> **Task to complete**:
All of the data below should be printed again exactly, pictures excluded.
Dataset entries START
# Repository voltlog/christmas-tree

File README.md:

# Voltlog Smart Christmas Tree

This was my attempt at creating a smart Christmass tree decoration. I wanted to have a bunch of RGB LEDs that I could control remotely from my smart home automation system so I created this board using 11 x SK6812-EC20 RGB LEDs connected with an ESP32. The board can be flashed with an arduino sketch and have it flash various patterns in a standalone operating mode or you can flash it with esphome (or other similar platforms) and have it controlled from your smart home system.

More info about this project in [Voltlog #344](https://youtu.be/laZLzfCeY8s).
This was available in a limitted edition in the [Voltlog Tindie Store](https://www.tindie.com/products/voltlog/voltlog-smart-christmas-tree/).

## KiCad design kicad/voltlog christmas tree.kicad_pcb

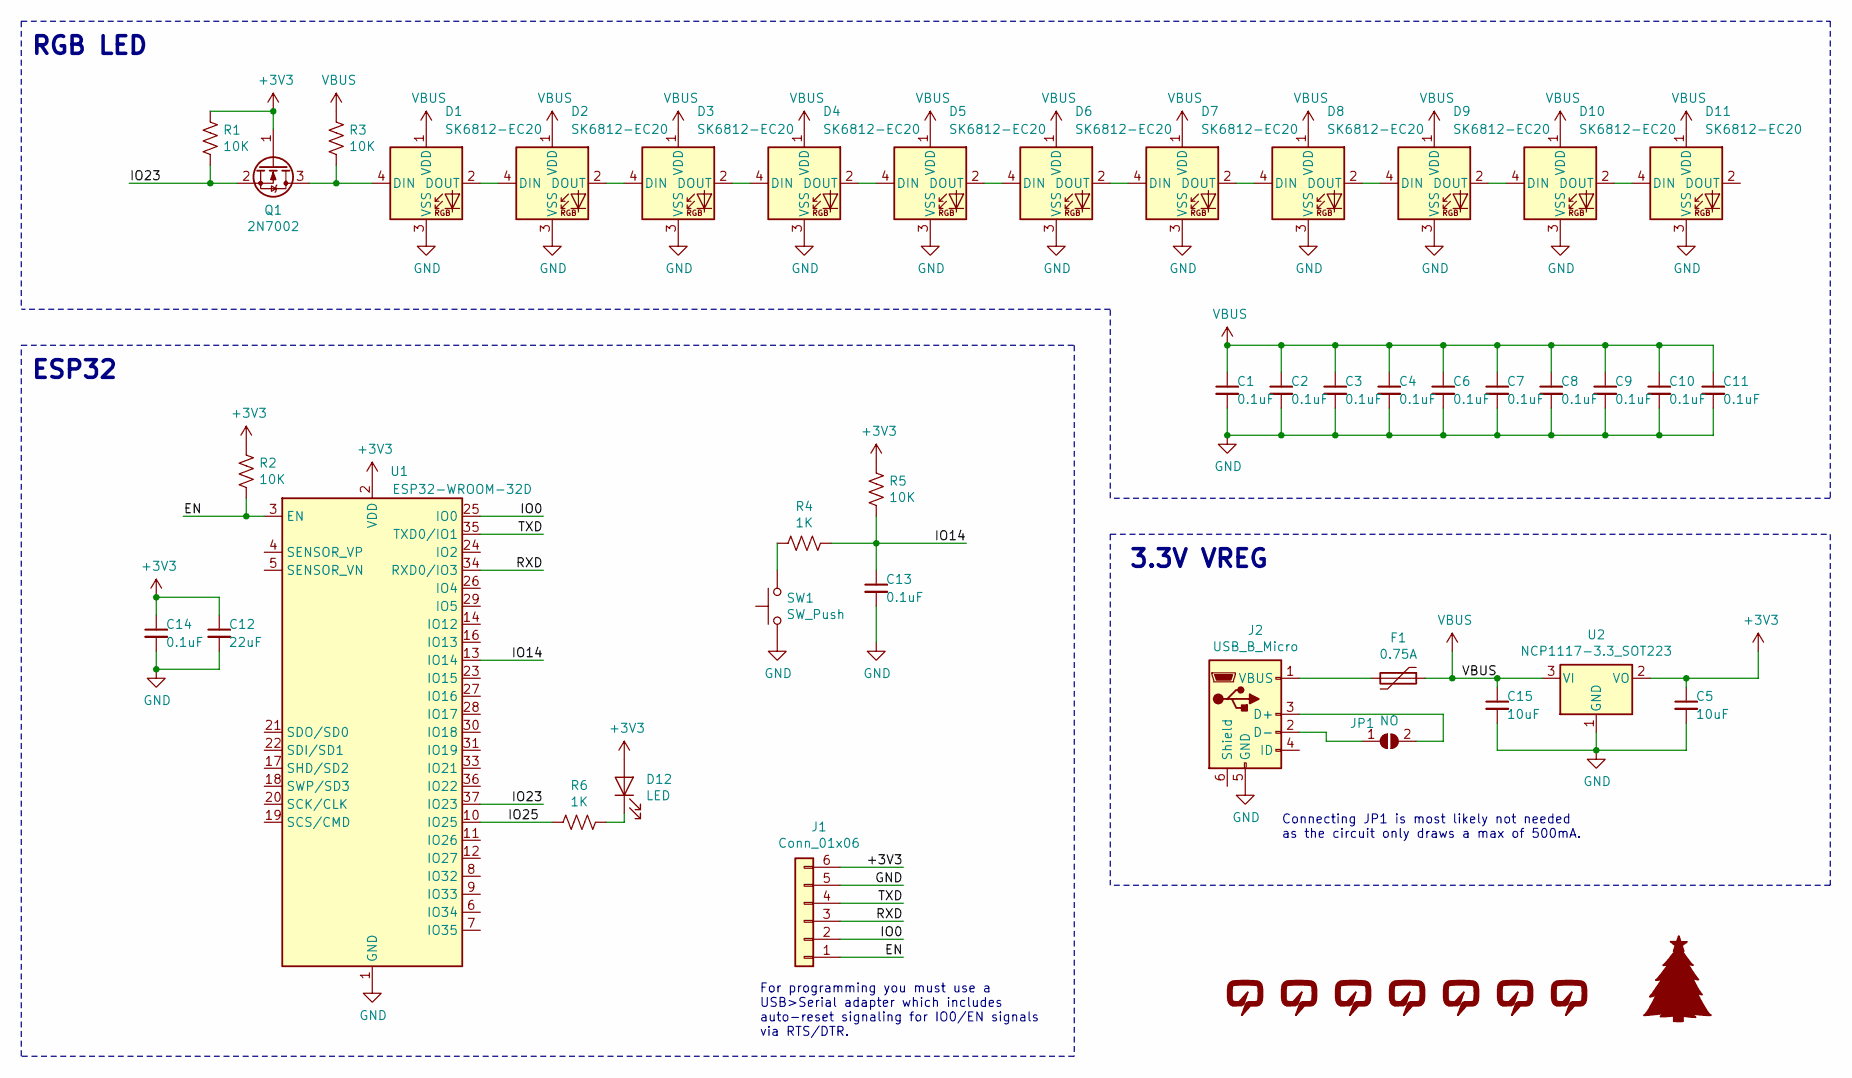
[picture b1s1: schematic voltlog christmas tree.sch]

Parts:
C1, C2, C3, C4, C6, C7, C8, C9, C10, C11, C13, C14: 0.1uF; C_0805_2012Metric
C5, C15: 10uF; C_0805_2012Metric
C12: 22uF; C_0805_2012Metric
D1, D2, D3, D4, D5, D6, D7, D8, D9, D10, D11: SK6812-EC20; sk6812-2020
D12: LED; LED_0805_2012Metric
F1: 0.75A; Fuse_0805_2012Metric
J1: Conn_01x06; JST_SH_BM06B-SRSS-TB_1x06-1MP_P1.00mm_Vertical
J2: USB_B_Micro; USB_Micro-B_Molex-105017-0001
JP1: NO; SolderJumper-2_P1.3mm_Open_RoundedPad1.0x1.5mm
Q1: 2N7002; SOT-23
R1, R2, R3, R5: 10K; R_0805_2012Metric
R4, R6: 1K; R_0805_2012Metric
SW1: SW_Push; SW_Push_1P1T_NO_6x6mm_H9.5mm
T1: ChristmasTree; test
U1: ESP32-WROOM-32D; ESP32-WROOM-32
U2: NCP1117-3.3_SOT223; SOT-223-3_TabPin2
V1, V2, V3, V4, V5, V6, V8: VOLTLOG_LOGO; voltlog_mask_5mm

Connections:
+3V3: C5.1, C12.1, C14.1, D12.2 (A), J1.6, Q1.1 (G), R1.1, R2.1, R5.1, U1.2 (VDD), U2.2 (VO)
/EN: J1.1, R2.2, U1.3 (EN)
/IO0: J1.2, U1.25 (IO0)
/IO14: C13.1, R4.1, R5.2, U1.13 (IO14)
/IO23: Q1.2 (S), R1.2, U1.37 (IO23)
/IO25: R6.2, U1.10 (IO25)
/RXD: J1.3, U1.34 (RXD0/IO3)
/TXD: J1.4, U1.35 (TXD0/IO1)
GND: C1.2, C2.2, C3.2, C4.2, C5.2, C6.2, C7.2, C8.2, C9.2, C10.2, C11.2, C12.2, C13.2, C14.2, C15.2, D1.3 (VSS), D2.3 (VSS), D3.3 (VSS), D4.3 (VSS), D5.3 (VSS), D6.3 (VSS), D7.3 (VSS), D8.3 (VSS), D9.3 (VSS), D10.3 (VSS), D11.3 (VSS), J1.5, J2.5 (GND), SW1.1, U1.1 (GND), U1.15 (GND), U1.38 (GND), U1.39 (GND), U2.1 (GND)
unnamed: D1.2 (DOUT), D2.4 (DIN)
unnamed: D1.4 (DIN), Q1.3 (D), R3.2
unnamed: D2.2 (DOUT), D3.4 (DIN)
unnamed: D3.2 (DOUT), D4.4 (DIN)
unnamed: D4.2 (DOUT), D5.4 (DIN)
unnamed: D5.2 (DOUT), D6.4 (DIN)
unnamed: D6.2 (DOUT), D7.4 (DIN)
unnamed: D7.2 (DOUT), D8.4 (DIN)
unnamed: D8.2 (DOUT), D9.4 (DIN)
unnamed: D10.2 (DOUT), D11.4 (DIN)
unnamed: D9.2 (DOUT), D10.4 (DIN)
unnamed: D12.1 (K), R6.1
unnamed: F1.2, J2.1 (VBUS)
unnamed: J2.2 (D-), JP1.1 (A)
unnamed: J2.3 (D+), JP1.2 (B)
unnamed: R4.2, SW1.2
VBUS: C1.1, C2.1, C3.1, C4.1, C6.1, C7.1, C8.1, C9.1, C10.1, C11.1, C15.1, D1.1 (VDD), D2.1 (VDD), D3.1 (VDD), D4.1 (VDD), D5.1 (VDD), D6.1 (VDD), D7.1 (VDD), D8.1 (VDD), D9.1 (VDD), D10.1 (VDD), D11.1 (VDD), F1.1, R3.1, U2.3 (VI)

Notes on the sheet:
ESP32
3.3V VREG
RGB LED
For programming you must use a USB>Serial adapter which includes auto-reset signaling for IO0/EN signals via RTS/DTR.
Connecting JP1 is most likely not needed as the circuit only draws a max of 500mA.

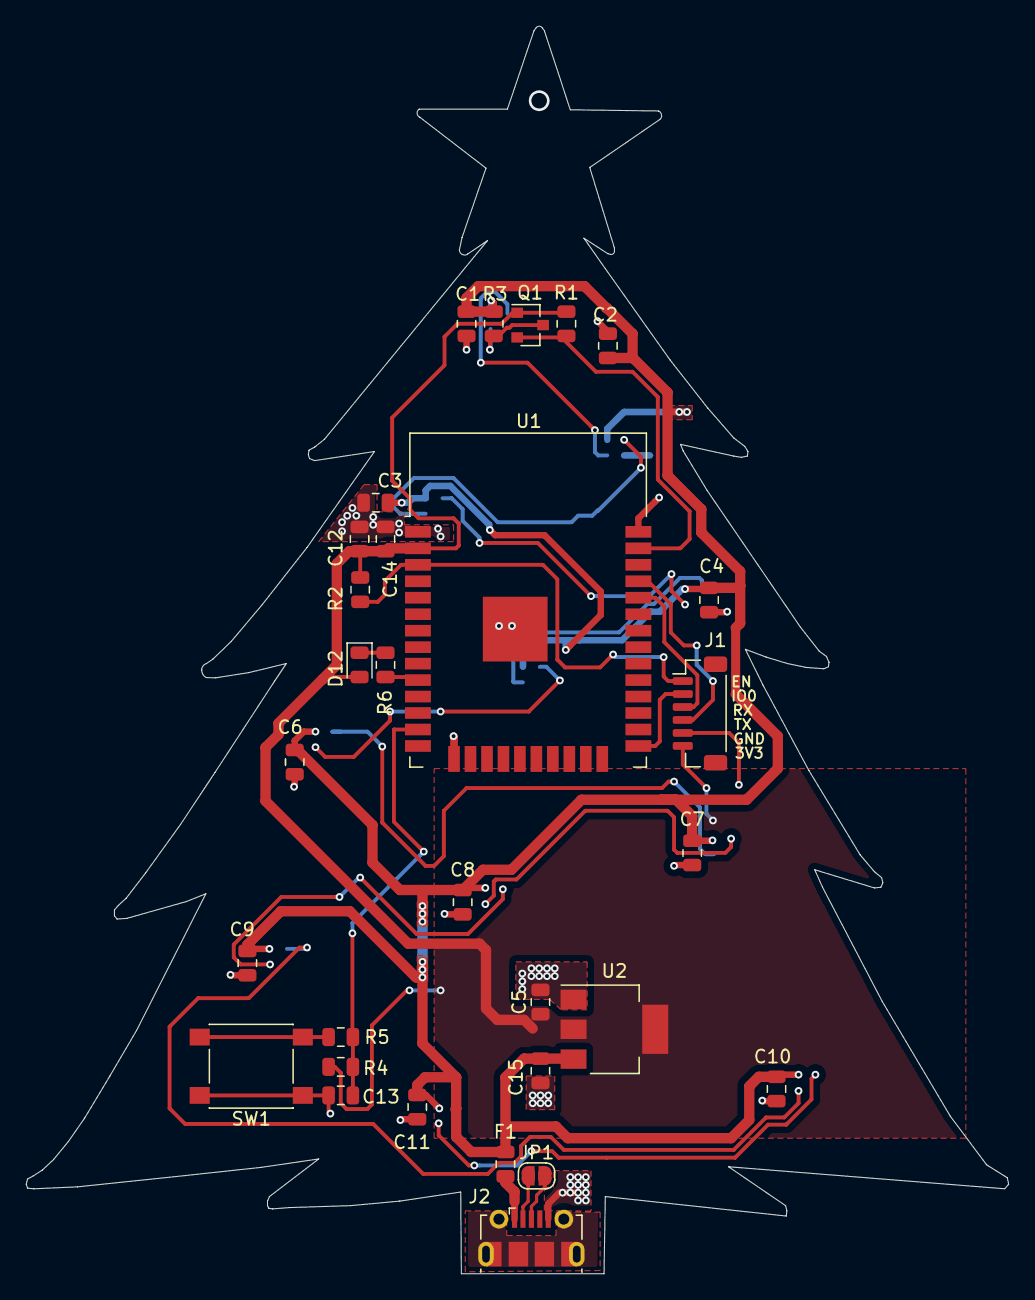
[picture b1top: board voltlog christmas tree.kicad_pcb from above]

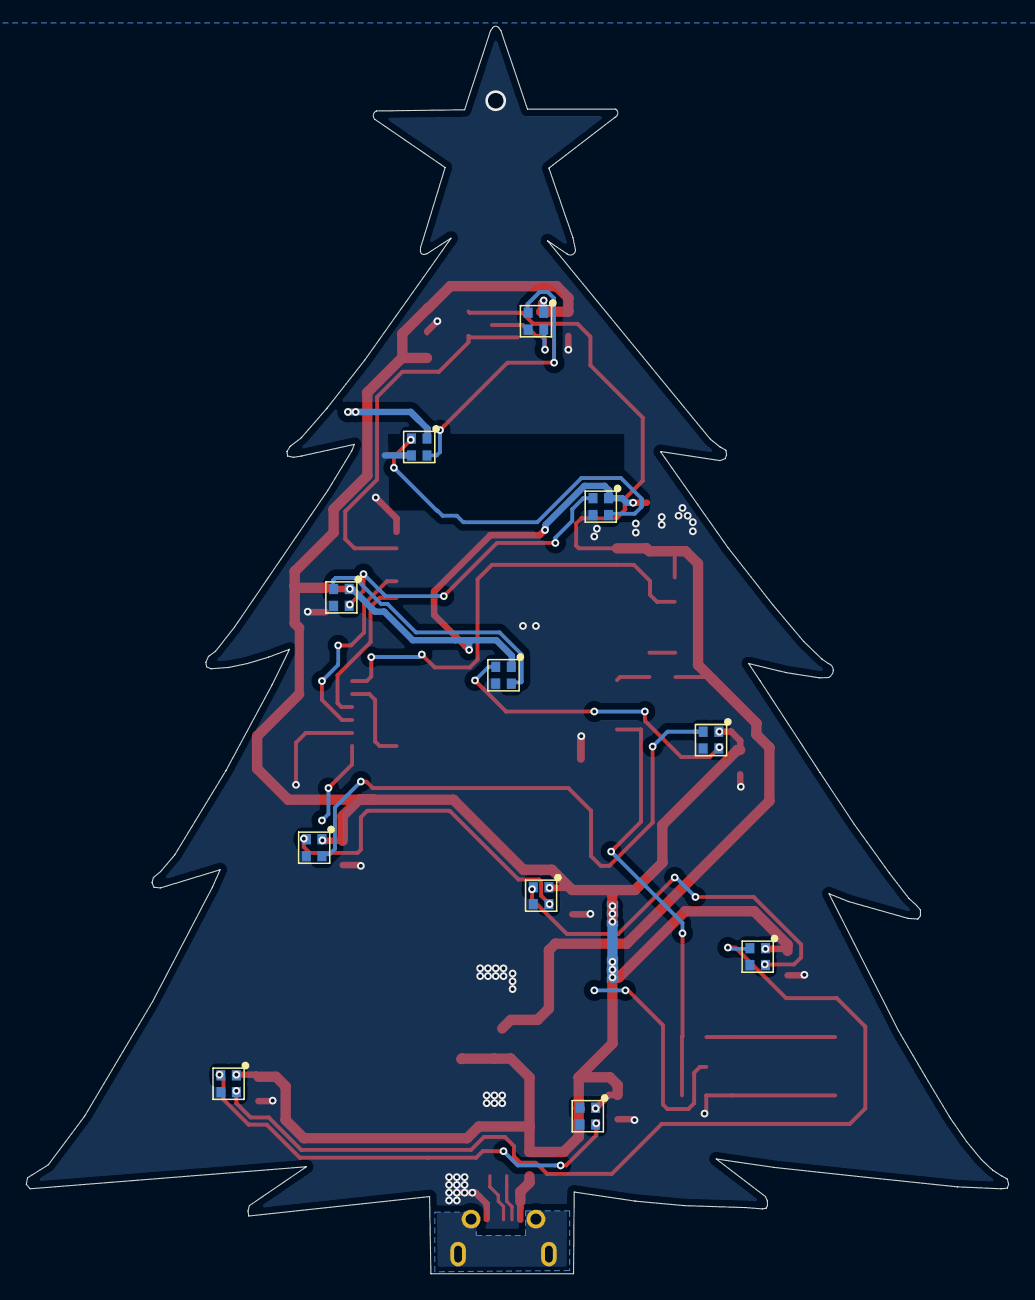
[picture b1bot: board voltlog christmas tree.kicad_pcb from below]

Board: 2 copper layers, 75.8 x 96.2 mm, 49 parts (17 on the bottom side), 26 nets.

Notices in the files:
kicad/voltlog christmas tree.sch:
License: CERN-OHL-P
Dataset entries END
> **Written solution**:
# Repository voltlog/christmas-tree

File README.md:

# Voltlog Smart Christmas Tree

This was my attempt at creating a smart Christmass tree decoration. I wanted to have a bunch of RGB LEDs that I could control remotely from my smart home automation system so I created this board using 11 x SK6812-EC20 RGB LEDs connected with an ESP32. The board can be flashed with an arduino sketch and have it flash various patterns in a standalone operating mode or you can flash it with esphome (or other similar platforms) and have it controlled from your smart home system.

More info about this project in [Voltlog #344](https://youtu.be/laZLzfCeY8s).
This was available in a limitted edition in the [Voltlog Tindie Store](https://www.tindie.com/products/voltlog/voltlog-smart-christmas-tree/).

## KiCad design kicad/voltlog christmas tree.kicad_pcb

[picture b1s1: schematic voltlog christmas tree.sch]

Parts:
C1, C2, C3, C4, C6, C7, C8, C9, C10, C11, C13, C14: 0.1uF; C_0805_2012Metric
C5, C15: 10uF; C_0805_2012Metric
C12: 22uF; C_0805_2012Metric
D1, D2, D3, D4, D5, D6, D7, D8, D9, D10, D11: SK6812-EC20; sk6812-2020
D12: LED; LED_0805_2012Metric
F1: 0.75A; Fuse_0805_2012Metric
J1: Conn_01x06; JST_SH_BM06B-SRSS-TB_1x06-1MP_P1.00mm_Vertical
J2: USB_B_Micro; USB_Micro-B_Molex-105017-0001
JP1: NO; SolderJumper-2_P1.3mm_Open_RoundedPad1.0x1.5mm
Q1: 2N7002; SOT-23
R1, R2, R3, R5: 10K; R_0805_2012Metric
R4, R6: 1K; R_0805_2012Metric
SW1: SW_Push; SW_Push_1P1T_NO_6x6mm_H9.5mm
T1: ChristmasTree; test
U1: ESP32-WROOM-32D; ESP32-WROOM-32
U2: NCP1117-3.3_SOT223; SOT-223-3_TabPin2
V1, V2, V3, V4, V5, V6, V8: VOLTLOG_LOGO; voltlog_mask_5mm

Connections:
+3V3: C5.1, C12.1, C14.1, D12.2 (A), J1.6, Q1.1 (G), R1.1, R2.1, R5.1, U1.2 (VDD), U2.2 (VO)
/EN: J1.1, R2.2, U1.3 (EN)
/IO0: J1.2, U1.25 (IO0)
/IO14: C13.1, R4.1, R5.2, U1.13 (IO14)
/IO23: Q1.2 (S), R1.2, U1.37 (IO23)
/IO25: R6.2, U1.10 (IO25)
/RXD: J1.3, U1.34 (RXD0/IO3)
/TXD: J1.4, U1.35 (TXD0/IO1)
GND: C1.2, C2.2, C3.2, C4.2, C5.2, C6.2, C7.2, C8.2, C9.2, C10.2, C11.2, C12.2, C13.2, C14.2, C15.2, D1.3 (VSS), D2.3 (VSS), D3.3 (VSS), D4.3 (VSS), D5.3 (VSS), D6.3 (VSS), D7.3 (VSS), D8.3 (VSS), D9.3 (VSS), D10.3 (VSS), D11.3 (VSS), J1.5, J2.5 (GND), SW1.1, U1.1 (GND), U1.15 (GND), U1.38 (GND), U1.39 (GND), U2.1 (GND)
unnamed: D1.2 (DOUT), D2.4 (DIN)
unnamed: D1.4 (DIN), Q1.3 (D), R3.2
unnamed: D2.2 (DOUT), D3.4 (DIN)
unnamed: D3.2 (DOUT), D4.4 (DIN)
unnamed: D4.2 (DOUT), D5.4 (DIN)
unnamed: D5.2 (DOUT), D6.4 (DIN)
unnamed: D6.2 (DOUT), D7.4 (DIN)
unnamed: D7.2 (DOUT), D8.4 (DIN)
unnamed: D8.2 (DOUT), D9.4 (DIN)
unnamed: D10.2 (DOUT), D11.4 (DIN)
unnamed: D9.2 (DOUT), D10.4 (DIN)
unnamed: D12.1 (K), R6.1
unnamed: F1.2, J2.1 (VBUS)
unnamed: J2.2 (D-), JP1.1 (A)
unnamed: J2.3 (D+), JP1.2 (B)
unnamed: R4.2, SW1.2
VBUS: C1.1, C2.1, C3.1, C4.1, C6.1, C7.1, C8.1, C9.1, C10.1, C11.1, C15.1, D1.1 (VDD), D2.1 (VDD), D3.1 (VDD), D4.1 (VDD), D5.1 (VDD), D6.1 (VDD), D7.1 (VDD), D8.1 (VDD), D9.1 (VDD), D10.1 (VDD), D11.1 (VDD), F1.1, R3.1, U2.3 (VI)

Notes on the sheet:
ESP32
3.3V VREG
RGB LED
For programming you must use a USB>Serial adapter which includes auto-reset signaling for IO0/EN signals via RTS/DTR.
Connecting JP1 is most likely not needed as the circuit only draws a max of 500mA.

[picture b1top: board voltlog christmas tree.kicad_pcb from above]

[picture b1bot: board voltlog christmas tree.kicad_pcb from below]

Board: 2 copper layers, 75.8 x 96.2 mm, 49 parts (17 on the bottom side), 26 nets.

Notices in the files:
kicad/voltlog christmas tree.sch:
License: CERN-OHL-P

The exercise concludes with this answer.